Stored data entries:
....................
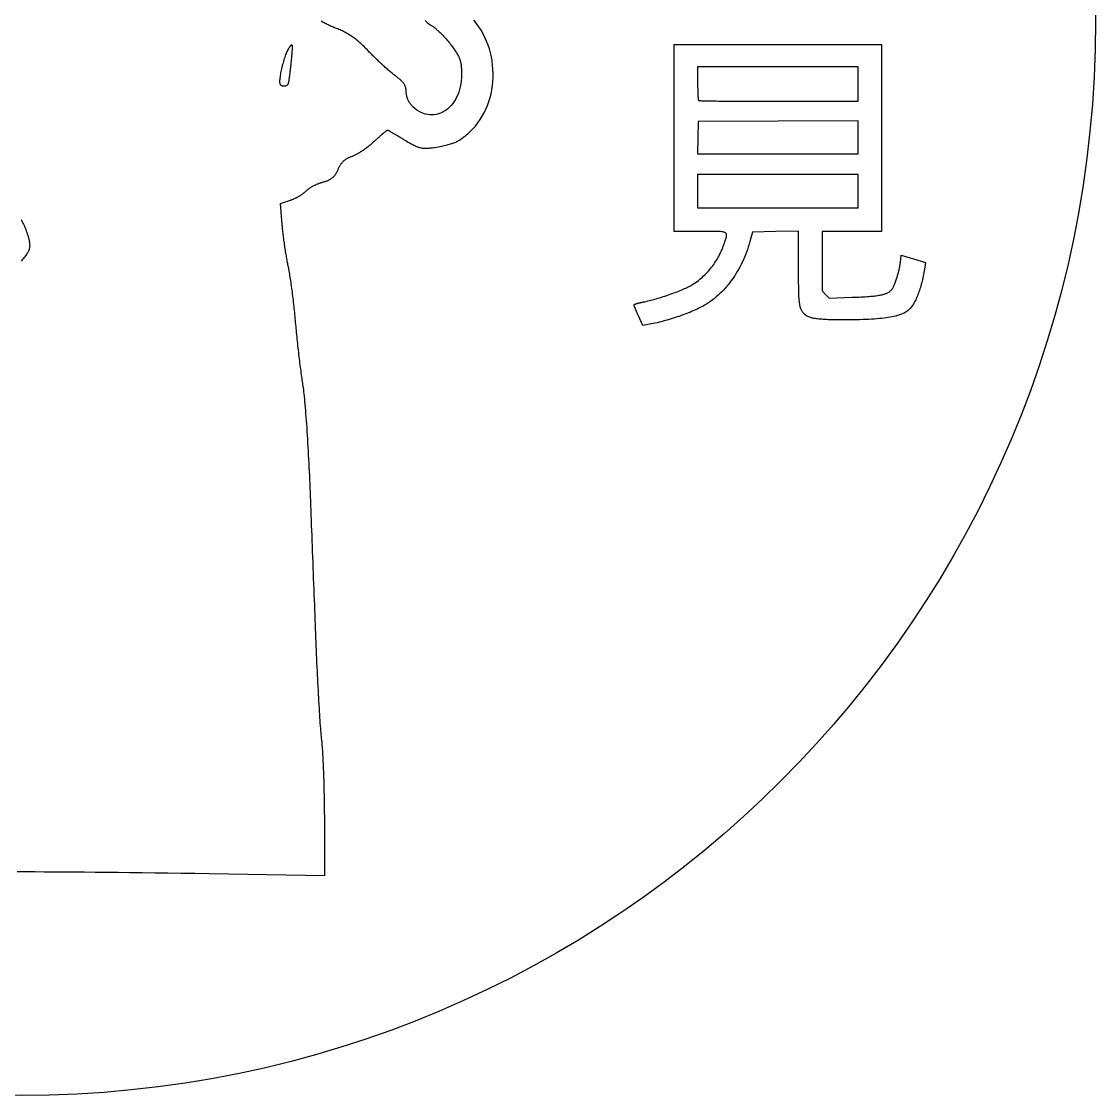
# Model space of a CAD drawing. Extents: x 2.5 to 77.5, y 2.5 to 77.5.
# Drawn here: x 40 to 77.5, y 2.5 to 40 of the extents above; entities that cross this region are included whole.
import ezdxf

# ---------------------------------------------------------------- set-up
doc = ezdxf.new("R2010")
doc.units = 0
doc.layers.get('0').update_dxf_attribs({"linetype": 'CONTINUOUS'})
doc.layers.add('NAME', color=7, linetype='CONTINUOUS')
doc.layers.add('YUUKA', color=7, linetype='CONTINUOUS')

msp = doc.modelspace()

# ---------------------------------------------------------------- linework, layer by layer
msp.add_circle((40, 40), 37.5)
at = {"layer": 'NAME'}
for points in [[(68.599, 29.58), (68.518, 29.581), (68.441, 29.581), (68.367, 29.583), (68.296, 29.584), (68.229, 29.586), (68.165, 29.588), (68.104, 29.591), (68.046, 29.594), (67.991, 29.597), (67.939, 29.601), (67.89, 29.605), (67.843, 29.61), (67.798, 29.615), (67.756, 29.62), (67.717, 29.626), (67.68, 29.633), (67.644, 29.64), (67.611, 29.647), (67.58, 29.655), (67.551, 29.664), (67.523, 29.673), (67.497, 29.683), (67.473, 29.693), (67.45, 29.704), (67.429, 29.716), (67.409, 29.728), (67.39, 29.74), (67.372, 29.754), (67.355, 29.768), (67.336, 29.785), (67.318, 29.802), (67.301, 29.82), (67.285, 29.838), (67.271, 29.857), (67.257, 29.877), (67.244, 29.898), (67.232, 29.921), (67.221, 29.945), (67.211, 29.972), (67.201, 30.001), (67.193, 30.032), (67.185, 30.066), (67.177, 30.103), (67.171, 30.143), (67.165, 30.187), (67.16, 30.234), (67.155, 30.285), (67.151, 30.341), (67.147, 30.4), (67.144, 30.465), (67.141, 30.534), (67.139, 30.609), (67.137, 30.688), (67.136, 30.774), (67.135, 30.865), (67.134, 30.962), (67.133, 31.066), (67.133, 31.176), (67.132, 31.293), (67.132, 31.417), (67.132, 32.675), (66.328, 32.662), (65.524, 32.648), (65.433, 32.316), (65.406, 32.221), (65.378, 32.128), (65.347, 32.036), (65.314, 31.945), (65.28, 31.855), (65.244, 31.767), (65.206, 31.68), (65.166, 31.594), (65.125, 31.51), (65.082, 31.427), (65.037, 31.346), (64.991, 31.266), (64.943, 31.188), (64.894, 31.111), (64.843, 31.036), (64.791, 30.963), (64.737, 30.891), (64.682, 30.821), (64.625, 30.753), (64.567, 30.687), (64.508, 30.622), (64.447, 30.56), (64.385, 30.5), (64.322, 30.441), (64.257, 30.385), (64.192, 30.33), (64.125, 30.278), (64.057, 30.228), (63.988, 30.181), (63.918, 30.135), (63.846, 30.092), (63.8, 30.065), (63.751, 30.039), (63.701, 30.012), (63.648, 29.986), (63.593, 29.959), (63.536, 29.933), (63.478, 29.906), (63.418, 29.88), (63.357, 29.854), (63.294, 29.829), (63.23, 29.803), (63.165, 29.778), (63.098, 29.753), (63.031, 29.729), (62.963, 29.705), (62.895, 29.682), (62.826, 29.659), (62.756, 29.637), (62.686, 29.615), (62.616, 29.594), (62.546, 29.574), (62.476, 29.554), (62.406, 29.535), (62.336, 29.517), (62.266, 29.5), (62.197, 29.484), (62.129, 29.468), (62.061, 29.454), (61.994, 29.44), (61.929, 29.428), (61.864, 29.417), (61.69, 29.387), (61.538, 29.727), (61.538, 29.727), (61.538, 29.727), (61.53, 29.745), (61.522, 29.763), (61.514, 29.78), (61.506, 29.798), (61.499, 29.815), (61.492, 29.832), (61.484, 29.849), (61.477, 29.866), (61.47, 29.882), (61.464, 29.898), (61.457, 29.913), (61.451, 29.928), (61.445, 29.943), (61.439, 29.957), (61.433, 29.971), (61.428, 29.984), (61.423, 29.997), (61.418, 30.009), (61.414, 30.021), (61.41, 30.032), (61.406, 30.042), (61.402, 30.052), (61.399, 30.061), (61.396, 30.069), (61.393, 30.077), (61.391, 30.084), (61.389, 30.09), (61.388, 30.095), (61.387, 30.099), (61.386, 30.102), (61.386, 30.105), (61.387, 30.107), (61.388, 30.109), (61.39, 30.112), (61.393, 30.114), (61.397, 30.117), (61.402, 30.12), (61.407, 30.123), (61.414, 30.126), (61.42, 30.129), (61.428, 30.132), (61.436, 30.135), (61.445, 30.139), (61.455, 30.142), (61.465, 30.146), (61.476, 30.149), (61.488, 30.153), (61.5, 30.156), (61.512, 30.16), (61.525, 30.164), (61.539, 30.167), (61.553, 30.171), (61.567, 30.175), (61.582, 30.178), (61.597, 30.182), (61.613, 30.186), (61.628, 30.189), (61.645, 30.193), (61.661, 30.197), (61.678, 30.2), (61.695, 30.204), (61.712, 30.207), (61.762, 30.217), (61.814, 30.228), (61.867, 30.241), (61.923, 30.254), (61.979, 30.268), (62.038, 30.284), (62.097, 30.3), (62.157, 30.317), (62.219, 30.335), (62.28, 30.354), (62.343, 30.373), (62.405, 30.393), (62.467, 30.413), (62.53, 30.434), (62.592, 30.455), (62.653, 30.477), (62.714, 30.498), (62.774, 30.52), (62.833, 30.542), (62.89, 30.564), (62.947, 30.586), (63.001, 30.608), (63.054, 30.63), (63.104, 30.652), (63.153, 30.673), (63.199, 30.694), (63.243, 30.715), (63.283, 30.735), (63.321, 30.754), (63.356, 30.773), (63.388, 30.791), (63.439, 30.823), (63.49, 30.856), (63.539, 30.89), (63.588, 30.925), (63.636, 30.961), (63.683, 30.998), (63.728, 31.036), (63.773, 31.074), (63.817, 31.114), (63.86, 31.155), (63.902, 31.197), (63.943, 31.239), (63.983, 31.283), (64.022, 31.328), (64.06, 31.373), (64.097, 31.419), (64.133, 31.467), (64.168, 31.515), (64.202, 31.564), (64.235, 31.614), (64.267, 31.664), (64.298, 31.716), (64.327, 31.768), (64.356, 31.822), (64.384, 31.876), (64.41, 31.931), (64.435, 31.986), (64.46, 32.043), (64.483, 32.1), (64.505, 32.158), (64.526, 32.217), (64.542, 32.263), (64.557, 32.305), (64.571, 32.345), (64.583, 32.381), (64.595, 32.415), (64.604, 32.446), (64.612, 32.475), (64.617, 32.501), (64.62, 32.524), (64.621, 32.546), (64.619, 32.565), (64.614, 32.582), (64.606, 32.597), (64.595, 32.611), (64.58, 32.623), (64.562, 32.633), (64.539, 32.642), (64.513, 32.649), (64.482, 32.655), (64.447, 32.66), (64.407, 32.664), (64.362, 32.667), (64.312, 32.67), (64.257, 32.671), (64.196, 32.672), (64.129, 32.673), (64.057, 32.673), (63.978, 32.673), (63.893, 32.673), (63.802, 32.673), (63.704, 32.673), (62.786, 32.673), (62.786, 35.932), (62.786, 39.191), (66.408, 39.191), (70.029, 39.191), (70.029, 35.932), (70.029, 32.673), (68.991, 32.673), (67.953, 32.673), (67.953, 31.632), (67.953, 30.592), (68.078, 30.467), (68.203, 30.342), (69.008, 30.37), (69.092, 30.373), (69.172, 30.376), (69.249, 30.379), (69.322, 30.383), (69.392, 30.387), (69.459, 30.391), (69.523, 30.395), (69.584, 30.399), (69.641, 30.404), (69.696, 30.409), (69.749, 30.415), (69.798, 30.42), (69.845, 30.426), (69.89, 30.432), (69.932, 30.439), (69.972, 30.446), (70.009, 30.454), (70.045, 30.461), (70.078, 30.47), (70.11, 30.479), (70.14, 30.488), (70.168, 30.497), (70.194, 30.508), (70.219, 30.518), (70.242, 30.529), (70.264, 30.541), (70.285, 30.553), (70.304, 30.566), (70.323, 30.58), (70.34, 30.594), (70.356, 30.609), (70.368, 30.621), (70.381, 30.635), (70.393, 30.652), (70.406, 30.671), (70.418, 30.691), (70.431, 30.713), (70.444, 30.738), (70.457, 30.763), (70.47, 30.79), (70.483, 30.819), (70.496, 30.849), (70.508, 30.88), (70.521, 30.913), (70.533, 30.946), (70.545, 30.98), (70.557, 31.016), (70.569, 31.052), (70.58, 31.088), (70.591, 31.126), (70.602, 31.163), (70.613, 31.202), (70.622, 31.24), (70.632, 31.279), (70.641, 31.318), (70.649, 31.356), (70.657, 31.395), (70.665, 31.434), (70.671, 31.472), (70.677, 31.51), (70.683, 31.548), (70.687, 31.585), (70.717, 31.837), (71.141, 31.713), (71.565, 31.588), (71.541, 31.418), (71.531, 31.356), (71.521, 31.295), (71.511, 31.234), (71.499, 31.173), (71.487, 31.113), (71.475, 31.054), (71.461, 30.996), (71.447, 30.938), (71.433, 30.881), (71.418, 30.825), (71.402, 30.77), (71.386, 30.717), (71.37, 30.664), (71.353, 30.612), (71.335, 30.562), (71.317, 30.512), (71.299, 30.464), (71.28, 30.418), (71.261, 30.372), (71.241, 30.328), (71.221, 30.286), (71.201, 30.245), (71.181, 30.206), (71.16, 30.169), (71.139, 30.133), (71.118, 30.099), (71.096, 30.067), (71.075, 30.037), (71.053, 30.008), (71.031, 29.982), (71.009, 29.958), (70.983, 29.932), (70.954, 29.908), (70.924, 29.885), (70.89, 29.862), (70.854, 29.841), (70.815, 29.82), (70.774, 29.8), (70.73, 29.782), (70.682, 29.764), (70.632, 29.747), (70.579, 29.731), (70.523, 29.716), (70.463, 29.702), (70.401, 29.688), (70.335, 29.676), (70.265, 29.664), (70.192, 29.653), (70.116, 29.643), (70.036, 29.634), (69.952, 29.625), (69.865, 29.617), (69.774, 29.61), (69.679, 29.604), (69.58, 29.599), (69.477, 29.594), (69.37, 29.59), (69.259, 29.587), (69.144, 29.584), (69.024, 29.582), (68.9, 29.581), (68.772, 29.58), (68.683, 29.58)], [(63.607, 37.817), (63.608, 37.787), (63.608, 37.757), (63.608, 37.728), (63.608, 37.699), (63.609, 37.671), (63.609, 37.643), (63.61, 37.616), (63.611, 37.59), (63.611, 37.564), (63.612, 37.538), (63.613, 37.514), (63.614, 37.49), (63.615, 37.467), (63.616, 37.445), (63.617, 37.424), (63.619, 37.404), (63.62, 37.384), (63.621, 37.366), (63.622, 37.349), (63.624, 37.333), (63.625, 37.318), (63.627, 37.305), (63.628, 37.292), (63.63, 37.281), (63.631, 37.271), (63.633, 37.263), (63.634, 37.256), (63.636, 37.25), (63.638, 37.246), (63.64, 37.244), (63.645, 37.242), (63.658, 37.24), (63.679, 37.239), (63.706, 37.237), (63.741, 37.235), (63.782, 37.234), (63.83, 37.232), (63.885, 37.231), (63.945, 37.229), (64.012, 37.228), (64.084, 37.227), (64.162, 37.225), (64.245, 37.224), (64.334, 37.223), (64.427, 37.222), (64.525, 37.22), (64.628, 37.219), (64.735, 37.218), (64.847, 37.217), (64.962, 37.217), (65.081, 37.216), (65.204, 37.215), (65.331, 37.214), (65.46, 37.214), (65.593, 37.213), (65.728, 37.213), (65.866, 37.212), (66.006, 37.212), (66.149, 37.212), (66.294, 37.212), (66.44, 37.212), (69.209, 37.212), (69.209, 37.815), (69.209, 37.815), (69.209, 38.419), (66.408, 38.419), (63.607, 38.419), (63.607, 37.847)], [(69.209, 35.377), (69.209, 35.957), (69.209, 35.957), (69.209, 36.536), (66.42, 36.524), (63.631, 36.511), (63.618, 35.944), (63.604, 35.377), (66.406, 35.377)], [(63.607, 34.073), (63.607, 33.493), (66.408, 33.493), (69.209, 33.493), (69.209, 34.073), (69.209, 34.073), (69.209, 34.652), (66.408, 34.652), (63.607, 34.652)]]:
    msp.add_lwpolyline(points, close=True, dxfattribs=at)
at = {"layer": 'YUUKA'}
for points in [[(39.85, 10.317), (40.154, 10.317), (40.468, 10.316), (40.792, 10.315), (41.127, 10.314), (41.473, 10.312), (41.83, 10.309), (42.198, 10.306), (42.577, 10.303), (42.969, 10.299), (43.372, 10.294), (43.787, 10.289), (44.215, 10.284), (44.656, 10.278), (45.11, 10.272), (45.577, 10.265), (46.057, 10.258), (46.551, 10.25), (50.591, 10.187), (50.586, 12.15), (50.586, 12.255), (50.585, 12.361), (50.584, 12.467), (50.583, 12.573), (50.582, 12.68), (50.58, 12.786), (50.578, 12.893), (50.576, 12.999), (50.574, 13.104), (50.572, 13.209), (50.569, 13.312), (50.567, 13.414), (50.564, 13.515), (50.56, 13.615), (50.557, 13.712), (50.554, 13.808), (50.55, 13.901), (50.547, 13.992), (50.543, 14.081), (50.539, 14.167), (50.535, 14.25), (50.53, 14.329), (50.526, 14.406), (50.522, 14.479), (50.517, 14.548), (50.512, 14.613), (50.508, 14.675), (50.503, 14.732), (50.498, 14.784), (50.493, 14.832), (50.488, 14.875), (50.483, 14.919), (50.477, 14.97), (50.472, 15.028), (50.466, 15.091), (50.46, 15.161), (50.454, 15.237), (50.448, 15.319), (50.441, 15.405), (50.434, 15.497), (50.428, 15.594), (50.421, 15.696), (50.414, 15.802), (50.407, 15.912), (50.4, 16.026), (50.393, 16.143), (50.386, 16.264), (50.379, 16.389), (50.372, 16.516), (50.365, 16.646), (50.358, 16.778), (50.351, 16.913), (50.344, 17.05), (50.337, 17.188), (50.33, 17.328), (50.324, 17.469), (50.317, 17.611), (50.311, 17.754), (50.304, 17.897), (50.298, 18.041), (50.293, 18.185), (50.287, 18.328), (50.281, 18.474), (50.275, 18.626), (50.269, 18.783), (50.263, 18.944), (50.257, 19.11), (50.25, 19.28), (50.243, 19.454), (50.237, 19.63), (50.23, 19.81), (50.223, 19.992), (50.216, 20.176), (50.209, 20.362), (50.201, 20.549), (50.194, 20.737), (50.187, 20.926), (50.18, 21.115), (50.173, 21.303), (50.165, 21.491), (50.158, 21.679), (50.151, 21.864), (50.144, 22.048), (50.137, 22.23), (50.13, 22.41), (50.124, 22.587), (50.117, 22.76), (50.11, 22.93), (50.104, 23.096), (50.098, 23.258), (50.092, 23.414), (50.086, 23.566), (50.081, 23.712), (50.075, 23.856), (50.069, 24), (50.063, 24.145), (50.056, 24.29), (50.049, 24.435), (50.042, 24.579), (50.035, 24.723), (50.027, 24.866), (50.019, 25.008), (50.011, 25.148), (50.003, 25.287), (49.995, 25.423), (49.986, 25.558), (49.977, 25.69), (49.969, 25.82), (49.96, 25.946), (49.951, 26.07), (49.942, 26.19), (49.933, 26.306), (49.924, 26.419), (49.915, 26.527), (49.906, 26.63), (49.897, 26.729), (49.888, 26.823), (49.88, 26.912), (49.871, 26.996), (49.862, 27.073), (49.854, 27.145), (49.845, 27.21), (49.837, 27.269), (49.829, 27.321), (49.821, 27.371), (49.813, 27.424), (49.805, 27.48), (49.796, 27.538), (49.787, 27.598), (49.779, 27.661), (49.77, 27.725), (49.761, 27.792), (49.752, 27.86), (49.742, 27.93), (49.733, 28.001), (49.724, 28.073), (49.715, 28.147), (49.706, 28.221), (49.697, 28.297), (49.688, 28.373), (49.679, 28.449), (49.67, 28.526), (49.661, 28.603), (49.653, 28.68), (49.644, 28.757), (49.636, 28.834), (49.628, 28.91), (49.62, 28.986), (49.612, 29.061), (49.605, 29.135), (49.598, 29.208), (49.591, 29.28), (49.585, 29.351), (49.578, 29.42), (49.573, 29.488), (49.567, 29.556), (49.56, 29.624), (49.554, 29.694), (49.547, 29.764), (49.54, 29.835), (49.532, 29.906), (49.525, 29.978), (49.517, 30.051), (49.509, 30.123), (49.5, 30.196), (49.492, 30.268), (49.483, 30.34), (49.475, 30.411), (49.466, 30.482), (49.457, 30.553), (49.448, 30.622), (49.438, 30.691), (49.429, 30.758), (49.42, 30.824), (49.411, 30.889), (49.401, 30.952), (49.392, 31.013), (49.383, 31.073), (49.374, 31.13), (49.365, 31.186), (49.356, 31.239), (49.347, 31.29), (49.338, 31.339), (49.33, 31.384), (49.321, 31.427), (49.313, 31.467), (49.305, 31.506), (49.297, 31.547), (49.289, 31.589), (49.281, 31.633), (49.272, 31.677), (49.264, 31.723), (49.256, 31.77), (49.248, 31.817), (49.239, 31.865), (49.231, 31.914), (49.223, 31.964), (49.216, 32.014), (49.208, 32.064), (49.2, 32.115), (49.192, 32.166), (49.185, 32.216), (49.178, 32.267), (49.171, 32.318), (49.164, 32.368), (49.157, 32.418), (49.151, 32.468), (49.145, 32.517), (49.139, 32.566), (49.133, 32.613), (49.127, 32.66), (49.122, 32.706), (49.118, 32.751), (49.113, 32.794), (49.109, 32.837), (49.105, 32.878), (49.102, 32.917), (49.038, 33.645), (49.395, 33.764), (49.414, 33.77), (49.434, 33.777), (49.453, 33.785), (49.473, 33.793), (49.493, 33.801), (49.513, 33.809), (49.533, 33.818), (49.554, 33.828), (49.574, 33.837), (49.594, 33.847), (49.614, 33.857), (49.634, 33.868), (49.653, 33.878), (49.673, 33.889), (49.692, 33.9), (49.711, 33.911), (49.73, 33.923), (49.748, 33.934), (49.766, 33.945), (49.783, 33.957), (49.8, 33.968), (49.817, 33.98), (49.832, 33.992), (49.848, 34.003), (49.862, 34.015), (49.876, 34.026), (49.89, 34.037), (49.902, 34.049), (49.914, 34.06), (49.925, 34.071), (49.935, 34.081), (49.945, 34.092), (49.956, 34.103), (49.968, 34.114), (49.981, 34.125), (49.995, 34.136), (50.009, 34.148), (50.024, 34.159), (50.04, 34.17), (50.057, 34.182), (50.074, 34.193), (50.092, 34.204), (50.11, 34.215), (50.129, 34.227), (50.149, 34.238), (50.169, 34.248), (50.189, 34.259), (50.209, 34.27), (50.23, 34.28), (50.251, 34.29), (50.273, 34.3), (50.294, 34.31), (50.316, 34.32), (50.338, 34.329), (50.36, 34.337), (50.382, 34.346), (50.404, 34.354), (50.426, 34.362), (50.447, 34.369), (50.469, 34.376), (50.491, 34.382), (50.512, 34.388), (50.541, 34.396), (50.569, 34.405), (50.597, 34.413), (50.623, 34.422), (50.648, 34.43), (50.672, 34.439), (50.695, 34.449), (50.717, 34.458), (50.738, 34.468), (50.759, 34.479), (50.778, 34.489), (50.797, 34.501), (50.815, 34.512), (50.833, 34.524), (50.849, 34.537), (50.865, 34.55), (50.881, 34.564), (50.896, 34.579), (50.91, 34.594), (50.924, 34.609), (50.938, 34.626), (50.951, 34.643), (50.963, 34.661), (50.975, 34.68), (50.987, 34.699), (50.999, 34.719), (51.01, 34.741), (51.022, 34.763), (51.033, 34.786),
....................
:: TASK DIRECTIONS ::
Show every line from the entries that includes the word "CONTINUOUS".

:: ANSWER ::
doc.layers.get('0').update_dxf_attribs({"linetype": 'CONTINUOUS'})
doc.layers.add('NAME', color=7, linetype='CONTINUOUS')
doc.layers.add('YUUKA', color=7, linetype='CONTINUOUS')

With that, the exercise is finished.